My mother loved her maroon coloured velvet flock wallpaper with matching curtains and a Drylon upholstered settee, which years later I realized
was the same décor used in Indian restaurants. It was almost a Caribbean
adaptation of what was perceived of an 18th Century Georgian grand
house, which ironically might have been paid for from slave plantations
profits. It looked horrible and even then you felt it was tacky and over the
top, but there was some perverse pleasure to be had from rubbing the walls
covered in velvet flock wallpaper which sadly a whole generation have
missed out on.
(Steve Pope, in McMillan 2009: 59)
From the ‘maroonage’ of insurgent Africans, the spilt blood of Jesus Christ, to
the West Indian cricket team’s colours, maroon has many meanings, as well as
demonstrating the creative pragmatics of the ‘everyday’ as it hides dirt well.
Indeed, a Trinidadian research respondent quoted by Miller felt that ‘Maroon is
a colour which is red but not red, but it is more Englishanese, North Americanese, Europeanese, I have never been there (England) but I believe they use
a lot of this reddish off-reddish in their upholstery’ (Miller 1994: 214).

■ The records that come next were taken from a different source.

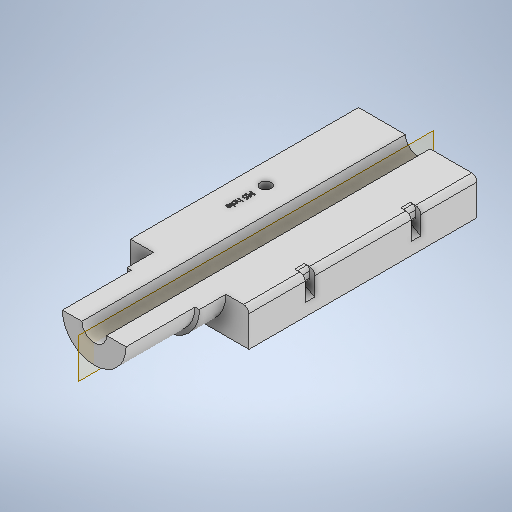
# Autodesk Inventor part: Pen_Housing_Bottom_V2
Saved by Autodesk Inventor 2025 (Build 290162000, 162)
## iProperties
Created: 2024-05-30
Part Number: Pen_Housing_Bottom_V2
Material: Generic
Document SubType Name: Modeling
Designer: mumin
Density: 1 g/cm^3
Appearance: Default
Author: mumin
Autodesk Inventor part; units mm, degrees
ref_plane "XZ Plane" through (0, 0, 0) normal (0, 1, 0) x (-1, 0, 0)
sketch "Sketch1" plane through (0, 0, 0) normal (1, 0, 0) x (0, 1, 0)
  line L0 (-20.5, -64.5) -> (0, -64.5)
  line L1 (0, -64.5) -> (0, 64.5)
  line L2 (0, 64.5) -> (-20.5, 64.5)
  line L3 (-20.5, 64.5) -> (-20.5, -64.5)
  line L4 (-20.5, -64.5) -> (0, 64.5) construction
  line L5 (0, -64.5) -> (-20.5, 64.5) construction
  line L6 (-24.6, 0) -> (4.1, 0) projected
  point P0 (0, 0)
  point P1 (-10.25, 0)
  dimension "d0" = 20.5
  dimension "d1" = 129
  constraints: 12 end point, 4 midpoint, 2 parallel, 1 horizontal, 1 perpendicular
  measures "d0" distance of L1.end L2.end
  measures "d1" distance of L2.end L0.start
extrude "Extrusion1" add sketch "Sketch1" along normal mid plane 67
sketch "Sketch2" plane through (-33.5, -20.5, 64.5) normal (0, 0, 1) x (1, 0, 0)
  line L0 (0, 20.5) -> (67, 20.5) projected
  arc A0 (13, 20.5) -> (54, 20.5) centre (33.5, 20.5) ccw
  line L1 (33.5, 20.5) -> (54, 20.5) construction
  line L2 (33.5, 20.5) -> (13, 20.5) construction
  point P0 (54, 20.5)
  dimension "d4" = 20.5
  dimension "d5" = 180
  constraints: 4 end point, 2 point on circle, 1 centre point, 1 coincident, 1 point on line
  measures "d4" radius of A0
  measures "d5" angle of L2 L1
extrude "Extrusion2" add sketch "Sketch2" along normal blind 15
sketch "Sketch3" plane through (-33.5, -20.5, 79.5) normal (0, 0, 1) x (1, 0, 0)
  line L0 (67, 20.5) -> (0, 20.5) projected
  arc A0 (15.5, 20.5) -> (51.5, 20.5) centre (33.5, 20.5) ccw
  line L1 (33.5, 20.5) -> (15.5, 20.5) construction
  line L2 (33.5, 20.5) -> (51.5, 20.5) construction
  dimension "d8" = 18
  dimension "d9" = 180
  constraints: 4 end point, 2 point on circle, 1 centre point, 1 coincident, 1 point on line
  measures "d8" radius of A0
  measures "d9" angle of L1 L2
extrude "Extrusion3" add sketch "Sketch3" along normal blind 39
sketch "Sketch4" plane through (33.5, 0, -64.5) normal (0, 0, -1) x (-1, 0, 0)
  line L0 (0, 0) -> (67, 0) projected
  arc A0 (26.5, 0) -> (40.5, 0) centre (33.5, 0) ccw
  line L1 (33.5, 0) -> (40.5, 0) construction
  line L2 (33.5, 0) -> (26.5, 0) construction
  point P0 (40.5, 0)
  dimension "d12" = 7
  dimension "d13" = 180
  constraints: 4 end point, 2 point on circle, 1 centre point, 1 coincident, 1 point on line
  measures "d12" radius of A0
  measures "d13" angle of L1 L2
extrude "Extrusion4" cut sketch "Sketch4" against normal through all
ref_plane "Work Plane1" through (0, 0, 30) normal (0, 0, 1) x (1, 0, 0)
sketch "Sketch5" plane through (0, 0, 30) normal (0, 0, 1) x (1, 0, 0)
  line L0 (33.5, -2) -> (33.5, -10.1)
  arc A0 (25.8, -8) -> (26.8834, -9.8375) centre (27.9, -8) ccw
  line L1 (25.8, -8) -> (25.8, -4.9024)
  arc A1 (27.8704, -6.2736) -> (25.8, -4.9024) centre (25.9, -7) ccw
  line L2 (28.8087, -6.9278) -> (29.3, -6.9278)
  line L3 (30.8, -5.4278) -> (30.8, -2)
  arc A2 (30.8, -2) -> (29.0387, -0.1051) centre (28.9, -2) ccw
  line L4 (29.0387, -0.1051) -> (27.6036, 0)
  line L5 (31.5, 0) -> (27.6036, 0)
  arc A3 (32.6591, -0.3701) -> (31.5, 0) centre (31.5, -2) ccw
  arc A4 (29.3, -6.9278) -> (30.8, -5.4278) centre (29.3, -5.4278) ccw
  line L6 (26.8834, -9.8375) -> (33.5, -13.4982)
  line L7 (33.5, -13.4982) -> (33.5, -10.1)
  arc A5 (27.8704, -6.2736) -> (28.8087, -6.9278) centre (28.8087, -5.9278) ccw
  line L8 (-53.4107, 0) -> (47.9851, 0) projected
  line L9 (33.5, -20.5) -> (33.5, 0) projected
  point P0 (0, 0)
  point P1 (33.4, 0)
  point P2 (33.5, 0)
  point P3 (33.5, -8)
  point P4 (31.4, -10.1)
  point P5 (27.9988, -6.9278)
  point P6 (30.8, -6.9278)
  point P7 (31.5, 0)
  dimension "d17" = 2
  dimension "d18" = 1.5
  dimension "d19" = 1
  constraints: 16 end point, 13 point on circle, 8 tangent, 7 point on line, 6 centre point, 1 collinear
  measures "d17" radius of A3
  measures "d18" radius of A4
  measures "d19" radius of A5
extrude "Extrusion5" cut sketch "Sketch5" along normal mid plane 5.4
mirror "Mirror1" about plane through (0, 0, 0) normal (0, 0, 1) of "Extrusion5"
fillet "Fillet1" radius 3 3 edges at (33.5, 0, 48.6) (33.5, 0, 0) (33.5, 0, -48.6)
sketch "Sketch6" plane through (-33.5, 0, 64.5) normal (0, 1, 0) x (1, 0, 0)
  line L0 (80.4, 64.5) -> (-13.4, 64.5) projected
  line L1 (0, 0) -> (0, 129) projected
  point P0 (33.5, 64.5)
  point P1 (12, 64.5)
  dimension "d30" = 12
  constraints: 1 point on line
  measures "d30" distance from line of L1 point (12, 64.5)
hole "Hole1" at (-21.5, 0, 0) direction (0, -1, 0) diameter 6.2 depth 10
sketch "Sketch7" plane through (-33.5, 0, 64.5) normal (0, 1, 0) x (1, 0, 0)
  line L0 (13.549, 57.6573) -> (13.549, 43.0546) construction
  line L1 (13.549, 43.0546) -> (10.1361, 43.0546) construction
  line L2 (10.1361, 43.0546) -> (10.1361, 57.6573) construction
  line L3 (10.1361, 57.6573) -> (13.549, 57.6573) construction
  line L4 (10.3652, 54.7353) -> (10.3652, 55.1404)
  line L5 (10.3652, 55.1404) -> (12.9908, 55.1404)
  line L6 (12.9908, 55.1404) -> (11.205, 55.9357)
  line L7 (11.205, 55.9357) -> (11.205, 56.1827)
  line L8 (11.205, 56.1827) -> (12.9908, 56.9707)
  line L9 (12.9908, 56.9707) -> (10.3652, 56.9707)
  line L10 (10.3652, 56.9707) -> (10.3652, 57.3486)
  line L11 (10.3652, 57.3486) -> (13.4132, 57.3486)
  line L12 (13.4132, 57.3486) -> (13.4132, 56.7953)
  line L13 (13.4132, 56.7953) -> (11.7163, 56.0345)
  line L14 (11.7163, 56.0345) -> (13.4132, 55.2984)
  line L15 (13.4132, 55.2984) -> (13.4132, 54.7353)
  line L16 (13.4132, 54.7353) -> (10.3652, 54.7353)
  spline S0 degree 2 poles (11.3532, 52.2776) (11.1185, 52.2776) (10.7209, 52.4332) (10.5875, 52.5641) knots 0 0 0 1 2 2 2
  spline S1 degree 2 poles (10.5875, 52.5641) (10.4467, 52.7) (10.301, 53.0409) (10.301, 53.2459) knots 0 0 0 1 2 2 2
  spline S2 degree 2 poles (10.301, 53.2459) (10.301, 53.4509) (10.4393, 53.7893) (10.5776, 53.9177) knots 0 0 0 1 2 2 2
  spline S3 degree 2 poles (10.5776, 53.9177) (10.7431, 54.0758) (11.2989, 54.2536) (11.7039, 54.2536) knots 0 0 0 1 2 2 2
  spline S4 degree 2 poles (11.7039, 54.2536) (12.1016, 54.2536) (12.7413, 54.0906) (12.9785, 53.9202) knots 0 0 0 1 2 2 2
  spline S5 degree 2 poles (12.9785, 53.9202) (13.2106, 53.7547) (13.47, 53.231) (13.47, 52.8877) knots 0 0 0 1 2 2 2
  spline S6 degree 2 poles (13.47, 52.8877) (13.47, 52.7864) (13.4502, 52.6086) (13.428, 52.5419) knots 0 0 0 1 2 2 2
  line L17 (13.428, 52.5419) -> (13.0353, 52.5419)
  line L18 (13.0353, 52.5419) -> (13.0353, 52.5592)
  spline S7 degree 2 poles (13.0353, 52.5592) (13.0649, 52.616) (13.1168, 52.8235) (13.1168, 52.9421) knots 0 0 0 1 2 2 2
  spline S8 degree 2 poles (13.1168, 52.9421) (13.1168, 53.3224) (12.603, 53.7893) (12.0991, 53.8337) knots 0 0 0 1 2 2 2
  spline S9 degree 2 poles (12.0991, 53.8337) (12.2004, 53.688) (12.3116, 53.3817) (12.3116, 53.1989) knots 0 0 0 1 2 2 2
  spline S10 degree 2 poles (12.3116, 53.1989) (12.3116, 53.0211) (12.2399, 52.7543) (12.1313, 52.6086) knots 0 0 0 1 2 2 2
  spline S11 degree 2 poles (12.1313, 52.6086) (12.0053, 52.4406) (11.615, 52.2776) (11.3532, 52.2776) knots 0 0 0 1 2 2 2
  spline S12 degree 2 poles (11.3359, 52.6926) (11.5236, 52.6926) (11.778, 52.7914) (11.867, 52.9001) knots 0 0 0 1 2 2 2
  spline S13 degree 2 poles (11.867, 52.9001) (11.9312, 52.9816) (11.9732, 53.1841) (11.9732, 53.2903) knots 0 0 0 1 2 2 2
  spline S14 degree 2 poles (11.9732, 53.2903) (11.9732, 53.4336) (11.8867, 53.7028) (11.8052, 53.8337) knots 0 0 0 1 2 2 2
  spline S15 degree 2 poles (11.8052, 53.8337) (11.7607, 53.8362) (11.6768, 53.8411) (11.6125, 53.8411) knots 0 0 0 1 2 2 2
  spline S16 degree 2 poles (11.6125, 53.8411) (11.2964, 53.8411) (10.9086, 53.7176) (10.8073, 53.6238) knots 0 0 0 1 2 2 2
  spline S17 degree 2 poles (10.8073, 53.6238) (10.711, 53.5373) (10.6344, 53.3496) (10.6344, 53.2434) knots 0 0 0 1 2 2 2
  spline S18 degree 2 poles (10.6344, 53.2434) (10.6344, 52.9964) (10.9852, 52.6926) (11.3359, 52.6926) knots 0 0 0 1 2 2 2
  line L19 (10.3652, 48.7554) -> (10.3652, 49.1407)
  line L20 (10.3652, 49.1407) -> (11.6694, 49.1407)
  spline S19 degree 2 poles (11.6694, 49.1407) (11.8274, 49.1407) (12.0991, 49.1703) (12.1807, 49.2148) knots 0 0 0 1 2 2 2
  spline S20 degree 2 poles (12.1807, 49.2148) (12.2671, 49.2617) (12.3511, 49.4297) (12.3511, 49.573) knots 0 0 0 1 2 2 2
  spline S21 degree 2 poles (12.3511, 49.573) (12.3511, 49.7162) (12.1979, 50.02) (12.0744, 50.1658) knots 0 0 0 1 2 2 2
  line L21 (12.0744, 50.1658) -> (10.3652, 50.1658)
  line L22 (10.3652, 50.1658) -> (10.3652, 50.5511)
  line L23 (10.3652, 50.5511) -> (13.549, 50.5511)
  line L24 (13.549, 50.5511) -> (13.549, 50.1658)
  line L25 (13.549, 50.1658) -> (12.398, 50.1658)
  spline S22 degree 2 poles (12.398, 50.1658) (12.5536, 49.9929) (12.7166, 49.6594) (12.7166, 49.4717) knots 0 0 0 1 2 2 2
  spline S23 degree 2 poles (12.7166, 49.4717) (12.7166, 49.1358) (12.272, 48.7554) (11.8497, 48.7554) knots 0 0 0 1 2 2 2
  line L26 (11.8497, 48.7554) -> (10.3652, 48.7554)
  spline S24 degree 2 poles (11.5088, 46.3348) (10.9308, 46.3348) (10.301, 46.8905) (10.301, 47.3549) knots 0 0 0 1 2 2 2
  spline S25 degree 2 poles (10.301, 47.3549) (10.301, 47.8316) (10.9506, 48.3775) (11.5088, 48.3775) knots 0 0 0 1 2 2 2
  spline S26 degree 2 poles (11.5088, 48.3775) (12.0818, 48.3775) (12.7166, 47.8143) (12.7166, 47.3549) knots 0 0 0 1 2 2 2
  spline S27 degree 2 poles (12.7166, 47.3549) (12.7166, 46.8905) (12.0843, 46.3348) (11.5088, 46.3348) knots 0 0 0 1 2 2 2
  spline S28 degree 2 poles (11.5088, 46.7324) (11.9534, 46.7324) (12.3857, 47.056) (12.3857, 47.3549) knots 0 0 0 1 2 2 2
  spline S29 degree 2 poles (12.3857, 47.3549) (12.3857, 47.6537) (11.9534, 47.9798) (11.5088, 47.9798) knots 0 0 0 1 2 2 2
  spline S30 degree 2 poles (11.5088, 47.9798) (11.0766, 47.9798) (10.632, 47.6537) (10.632, 47.3549) knots 0 0 0 1 2 2 2
  spline S31 degree 2 poles (10.632, 47.3549) (10.632, 47.0585) (11.0691, 46.7324) (11.5088, 46.7324) knots 0 0 0 1 2 2 2
  line L27 (10.3652, 45.5468) -> (10.3652, 45.9321)
  line L28 (10.3652, 45.9321) -> (13.549, 45.9321)
  line L29 (13.549, 45.9321) -> (13.549, 45.5468)
  line L30 (13.549, 45.5468) -> (10.3652, 45.5468)
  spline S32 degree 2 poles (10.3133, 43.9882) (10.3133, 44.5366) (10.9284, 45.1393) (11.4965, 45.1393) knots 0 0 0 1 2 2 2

This
transcultural imaginary challenges any fixed meaning and representation of
difference that as a concept rethinks using Jacques Derrida’s anomalous ‘a’ in
‘différance’. For Hall, différance as ‘strategic and arbitrary’ enables a positioning
and repositioning of Caribbean diasporic identities as suggested by Aimé
Césaire’s and Léopold Senghor’s metaphor: Présence Africaine, Présence
Européenne and, more ambiguously, Présence Americaine.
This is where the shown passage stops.